# Forum Home Renovation Solar Electrical Systems  How does Solar work??

## Newtothis

Hi all, 
the house we have purchased has solar connected to the pool & house. 
does anyone know how this works to get money back for electric produced back to the grid etc? 
we are on Gold Coast 
thanks  :Smilie:

----------


## Uncle Bob

Do you have an inverter?

----------


## Random Username

Since you mention 'pool', I'm guessing it is a solar water heating system.  No, you don't get money, just (effectively) cheaper hot water.

----------


## barney118

Any $ would only be good for the original purchaser, I believe it doesn't transfer for buying yours off you now, just save on bills best to run your appliances when the sun is about as the rest is freebies to electric company.  
Cheers Barney
Sent from my iPhone 4s using Tapatalk

----------


## johnc

It does sound as if you have a hot water heater on the roof using sun power rather than an electric generator from solar panels. However it is completely wrong to say that you can't sell surplus power from panels back to the grid. You certainly can it is just that it will be at whatever price is being offered now. I think you will find though you are not generating any power. The original reply "do you have an inverter" is the key one, no inverter then no power.

----------


## Sir Stinkalot

You have had good advice so far. 
First port of call is to check to see if is a photovoltaic system (power) or a solar water heater for the pool.

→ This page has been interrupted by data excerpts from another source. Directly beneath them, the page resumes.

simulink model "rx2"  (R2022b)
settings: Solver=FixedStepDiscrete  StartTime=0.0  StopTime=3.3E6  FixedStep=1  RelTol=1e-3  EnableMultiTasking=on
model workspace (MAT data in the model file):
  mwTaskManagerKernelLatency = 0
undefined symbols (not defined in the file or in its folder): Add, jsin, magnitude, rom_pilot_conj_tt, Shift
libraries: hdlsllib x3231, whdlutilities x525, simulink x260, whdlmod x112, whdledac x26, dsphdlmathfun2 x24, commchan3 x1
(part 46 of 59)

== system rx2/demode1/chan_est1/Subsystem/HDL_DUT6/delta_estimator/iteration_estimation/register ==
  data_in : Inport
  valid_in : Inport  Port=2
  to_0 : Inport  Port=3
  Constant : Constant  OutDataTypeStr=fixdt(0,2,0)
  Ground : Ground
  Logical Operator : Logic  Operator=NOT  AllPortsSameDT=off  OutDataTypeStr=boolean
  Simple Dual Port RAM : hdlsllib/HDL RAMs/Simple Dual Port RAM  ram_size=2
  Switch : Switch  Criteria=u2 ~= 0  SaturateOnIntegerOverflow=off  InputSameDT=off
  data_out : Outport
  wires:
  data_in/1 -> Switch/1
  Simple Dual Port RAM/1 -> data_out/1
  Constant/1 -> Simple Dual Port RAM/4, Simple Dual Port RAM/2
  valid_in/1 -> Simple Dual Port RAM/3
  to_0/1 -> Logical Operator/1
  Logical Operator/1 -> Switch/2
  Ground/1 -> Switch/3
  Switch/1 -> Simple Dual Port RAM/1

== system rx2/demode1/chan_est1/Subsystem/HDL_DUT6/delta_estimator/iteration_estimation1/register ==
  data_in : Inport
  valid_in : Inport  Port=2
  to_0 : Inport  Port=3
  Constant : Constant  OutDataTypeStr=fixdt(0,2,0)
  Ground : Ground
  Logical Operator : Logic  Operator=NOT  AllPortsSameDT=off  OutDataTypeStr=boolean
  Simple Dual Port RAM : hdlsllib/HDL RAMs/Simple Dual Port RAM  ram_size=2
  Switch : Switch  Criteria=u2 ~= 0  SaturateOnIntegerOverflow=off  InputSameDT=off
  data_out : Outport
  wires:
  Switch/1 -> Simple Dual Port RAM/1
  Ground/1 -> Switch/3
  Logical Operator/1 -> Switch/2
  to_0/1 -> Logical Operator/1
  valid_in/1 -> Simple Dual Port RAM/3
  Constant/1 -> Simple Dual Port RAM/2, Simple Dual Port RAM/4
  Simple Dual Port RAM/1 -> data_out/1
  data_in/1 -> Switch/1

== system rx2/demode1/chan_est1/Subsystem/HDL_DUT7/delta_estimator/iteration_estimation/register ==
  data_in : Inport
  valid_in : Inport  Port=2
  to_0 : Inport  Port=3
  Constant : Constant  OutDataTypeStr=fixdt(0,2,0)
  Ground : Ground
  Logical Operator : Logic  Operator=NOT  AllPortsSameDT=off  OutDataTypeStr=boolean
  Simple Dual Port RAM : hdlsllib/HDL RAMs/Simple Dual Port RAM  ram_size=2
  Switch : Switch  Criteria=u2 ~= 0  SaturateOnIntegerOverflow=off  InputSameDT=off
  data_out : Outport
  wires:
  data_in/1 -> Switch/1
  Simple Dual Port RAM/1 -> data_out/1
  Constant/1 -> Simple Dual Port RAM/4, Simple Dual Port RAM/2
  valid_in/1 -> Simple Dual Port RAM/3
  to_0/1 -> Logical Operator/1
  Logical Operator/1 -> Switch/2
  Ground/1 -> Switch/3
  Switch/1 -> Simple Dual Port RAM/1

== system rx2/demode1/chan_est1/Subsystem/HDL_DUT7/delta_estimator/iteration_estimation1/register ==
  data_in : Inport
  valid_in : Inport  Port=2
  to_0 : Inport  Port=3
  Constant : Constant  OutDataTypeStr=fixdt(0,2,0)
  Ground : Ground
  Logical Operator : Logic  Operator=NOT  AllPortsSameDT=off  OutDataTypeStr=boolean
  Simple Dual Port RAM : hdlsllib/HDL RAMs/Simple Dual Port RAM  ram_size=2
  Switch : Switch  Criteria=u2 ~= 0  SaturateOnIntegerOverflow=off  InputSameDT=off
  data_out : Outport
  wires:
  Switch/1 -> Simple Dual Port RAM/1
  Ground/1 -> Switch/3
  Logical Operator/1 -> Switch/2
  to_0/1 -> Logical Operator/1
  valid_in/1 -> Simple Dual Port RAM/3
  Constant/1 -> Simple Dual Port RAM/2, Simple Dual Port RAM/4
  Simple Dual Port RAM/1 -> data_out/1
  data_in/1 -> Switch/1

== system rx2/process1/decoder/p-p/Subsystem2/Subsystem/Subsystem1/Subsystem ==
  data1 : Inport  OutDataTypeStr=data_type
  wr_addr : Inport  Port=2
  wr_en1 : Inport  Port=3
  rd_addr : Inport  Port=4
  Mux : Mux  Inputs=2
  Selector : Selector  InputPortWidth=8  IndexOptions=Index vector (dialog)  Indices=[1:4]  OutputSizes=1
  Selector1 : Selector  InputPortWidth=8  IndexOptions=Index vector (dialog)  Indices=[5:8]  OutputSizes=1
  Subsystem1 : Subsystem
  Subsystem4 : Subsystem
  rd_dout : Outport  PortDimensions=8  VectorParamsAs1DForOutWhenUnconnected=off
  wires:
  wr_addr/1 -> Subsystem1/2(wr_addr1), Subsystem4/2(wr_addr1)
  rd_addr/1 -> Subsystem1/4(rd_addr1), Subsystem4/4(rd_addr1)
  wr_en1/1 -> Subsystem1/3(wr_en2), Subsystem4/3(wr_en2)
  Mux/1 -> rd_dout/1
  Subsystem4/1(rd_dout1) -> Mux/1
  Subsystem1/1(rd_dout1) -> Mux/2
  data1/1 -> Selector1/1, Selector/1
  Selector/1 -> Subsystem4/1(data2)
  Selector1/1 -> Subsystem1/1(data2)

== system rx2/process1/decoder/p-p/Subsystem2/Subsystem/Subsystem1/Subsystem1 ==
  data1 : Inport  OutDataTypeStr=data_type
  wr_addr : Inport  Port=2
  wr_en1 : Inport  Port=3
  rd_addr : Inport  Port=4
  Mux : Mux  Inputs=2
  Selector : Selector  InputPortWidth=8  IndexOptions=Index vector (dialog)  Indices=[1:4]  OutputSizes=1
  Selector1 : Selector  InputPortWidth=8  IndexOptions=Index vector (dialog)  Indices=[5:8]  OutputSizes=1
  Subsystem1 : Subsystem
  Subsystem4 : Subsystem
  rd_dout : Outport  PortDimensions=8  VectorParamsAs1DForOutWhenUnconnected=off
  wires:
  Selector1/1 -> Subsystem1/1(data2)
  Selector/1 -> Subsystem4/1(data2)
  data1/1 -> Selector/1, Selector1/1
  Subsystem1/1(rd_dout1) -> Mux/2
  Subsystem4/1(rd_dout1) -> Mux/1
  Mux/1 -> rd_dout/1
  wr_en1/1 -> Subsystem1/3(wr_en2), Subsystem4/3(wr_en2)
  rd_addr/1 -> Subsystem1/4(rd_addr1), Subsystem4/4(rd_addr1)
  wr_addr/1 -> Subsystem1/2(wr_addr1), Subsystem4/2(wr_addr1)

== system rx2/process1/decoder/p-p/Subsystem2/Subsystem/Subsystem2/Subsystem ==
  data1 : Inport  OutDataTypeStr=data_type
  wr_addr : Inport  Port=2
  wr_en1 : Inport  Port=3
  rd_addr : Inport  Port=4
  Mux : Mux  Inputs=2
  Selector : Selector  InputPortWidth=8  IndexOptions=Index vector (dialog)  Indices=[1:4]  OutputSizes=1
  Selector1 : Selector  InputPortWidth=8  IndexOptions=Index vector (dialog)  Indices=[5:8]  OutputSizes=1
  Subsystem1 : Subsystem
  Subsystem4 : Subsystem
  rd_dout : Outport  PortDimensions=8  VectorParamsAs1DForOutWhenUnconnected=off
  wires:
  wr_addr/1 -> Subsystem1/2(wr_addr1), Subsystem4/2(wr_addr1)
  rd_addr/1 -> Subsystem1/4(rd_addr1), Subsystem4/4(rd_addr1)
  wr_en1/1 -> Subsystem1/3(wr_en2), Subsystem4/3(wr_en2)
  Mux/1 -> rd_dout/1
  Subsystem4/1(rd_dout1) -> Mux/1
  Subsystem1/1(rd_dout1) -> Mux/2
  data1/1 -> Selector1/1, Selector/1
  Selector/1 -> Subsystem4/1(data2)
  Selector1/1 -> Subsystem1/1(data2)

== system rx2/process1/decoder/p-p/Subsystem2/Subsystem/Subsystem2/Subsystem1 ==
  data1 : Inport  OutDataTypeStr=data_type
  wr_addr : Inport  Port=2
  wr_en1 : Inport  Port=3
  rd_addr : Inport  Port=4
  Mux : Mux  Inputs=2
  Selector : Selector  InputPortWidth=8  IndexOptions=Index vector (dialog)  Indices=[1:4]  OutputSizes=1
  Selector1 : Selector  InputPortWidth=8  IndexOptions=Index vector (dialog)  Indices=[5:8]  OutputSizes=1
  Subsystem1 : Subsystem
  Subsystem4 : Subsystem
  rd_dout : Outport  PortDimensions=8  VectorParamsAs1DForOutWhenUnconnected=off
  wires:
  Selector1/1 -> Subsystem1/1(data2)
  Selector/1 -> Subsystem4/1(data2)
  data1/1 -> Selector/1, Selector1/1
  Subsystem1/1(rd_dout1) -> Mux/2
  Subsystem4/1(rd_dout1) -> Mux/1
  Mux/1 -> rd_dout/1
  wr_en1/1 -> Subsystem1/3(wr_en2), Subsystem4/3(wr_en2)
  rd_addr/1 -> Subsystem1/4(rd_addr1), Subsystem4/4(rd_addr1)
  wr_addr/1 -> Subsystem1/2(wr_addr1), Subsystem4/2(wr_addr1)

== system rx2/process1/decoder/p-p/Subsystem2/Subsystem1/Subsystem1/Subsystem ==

Pool solar heating is generally many lengths of black pipe that the pool water is slowly drawn through, being heated by the sun on the way through the long loop of pipework. The heated water is returned to the pool. 
The photovoltaic system has panels which would typically appear to be dark in colour, generally rectangular in shape and have a glass like surface. It would be easy enough to Google examples of both to see what you have. If it is a photovoltaic system you will have an inverter which converts the solar power into power to be used by your home or the grid. The inverter is typically located near your main meter box and there is often signage on the meter box advising of there being a solar system. 
If it is a photovoltaic system you should call your electricity retailer and advise them that you have a system. Many retailers put you on a slightly different plan. Over here is SA, and I think the rules are somewhat similar in other states, the first owner obtained a credit for power fed back into the grid from the government grant (feed in tariff) and also from the electricity retailer. The value of the government feed in tariff varied depending on when the system was put in. Being the new owner you will no longer receive the government feed in tariff, however you will still be paid by the electricity retailer for any power you feed back into the grid. 
Unfortunately if you are only receiving the retailer tariff it is less attractive. You will receive a credit for when power is being fed back into the grid. When the system is generating power your house has first use (fridge, lights, pool pump etc.) any excess is then sold back to the grid at a small price. If your house is using more than you are generating at any particular time you will be buying the excess back from the grid at the standard rate. Unfortunately at night, when you are not generating your own power, you will be buying from the grid at standard retail prices. The feedback component is for that instance, so if you generate and export 20 units of power during the day and use 30 at night, you have to pay full retail for the 30 you used at night and you only get paid for 20 you fed back during the day (at a much lower rate than you are buying at night). 
If you are only on the retailer tariff you are much better off trying to push your energy usage to times when you are generating your own power. Simple things like running the dishwasher, washing machine, pool pump etc during the day when you are generating will help save you money. If you are not using the power you are generating you will not get paid much for it and then need to buy it again at full retail prices. 
Its all very complicated but in summary, if you have a photovoltaic system call your energy retailer and let them know. Then try and shift your energy usage to align when you are generating your own power.

----------


## Smurf

A photo of your roof showing what solar equipment you have would make it easy to answer your questions. 
Also, is there an inverter somewhere? This will be a box mounted on the wall. It maybe either outside, in the garage or under the house if that area is easily accessible. It will have some electrical switches, cables etc connected to it and most have a small screen on the front which displays various information. 
At a guess, you've got solar water heating for the pool + a solar power system as others have said. Or you might have solar hot water either instead of, or in addition to, solar power. All these systems look quite different - a photo would make it easy to answer the question.  :Smilie:

----------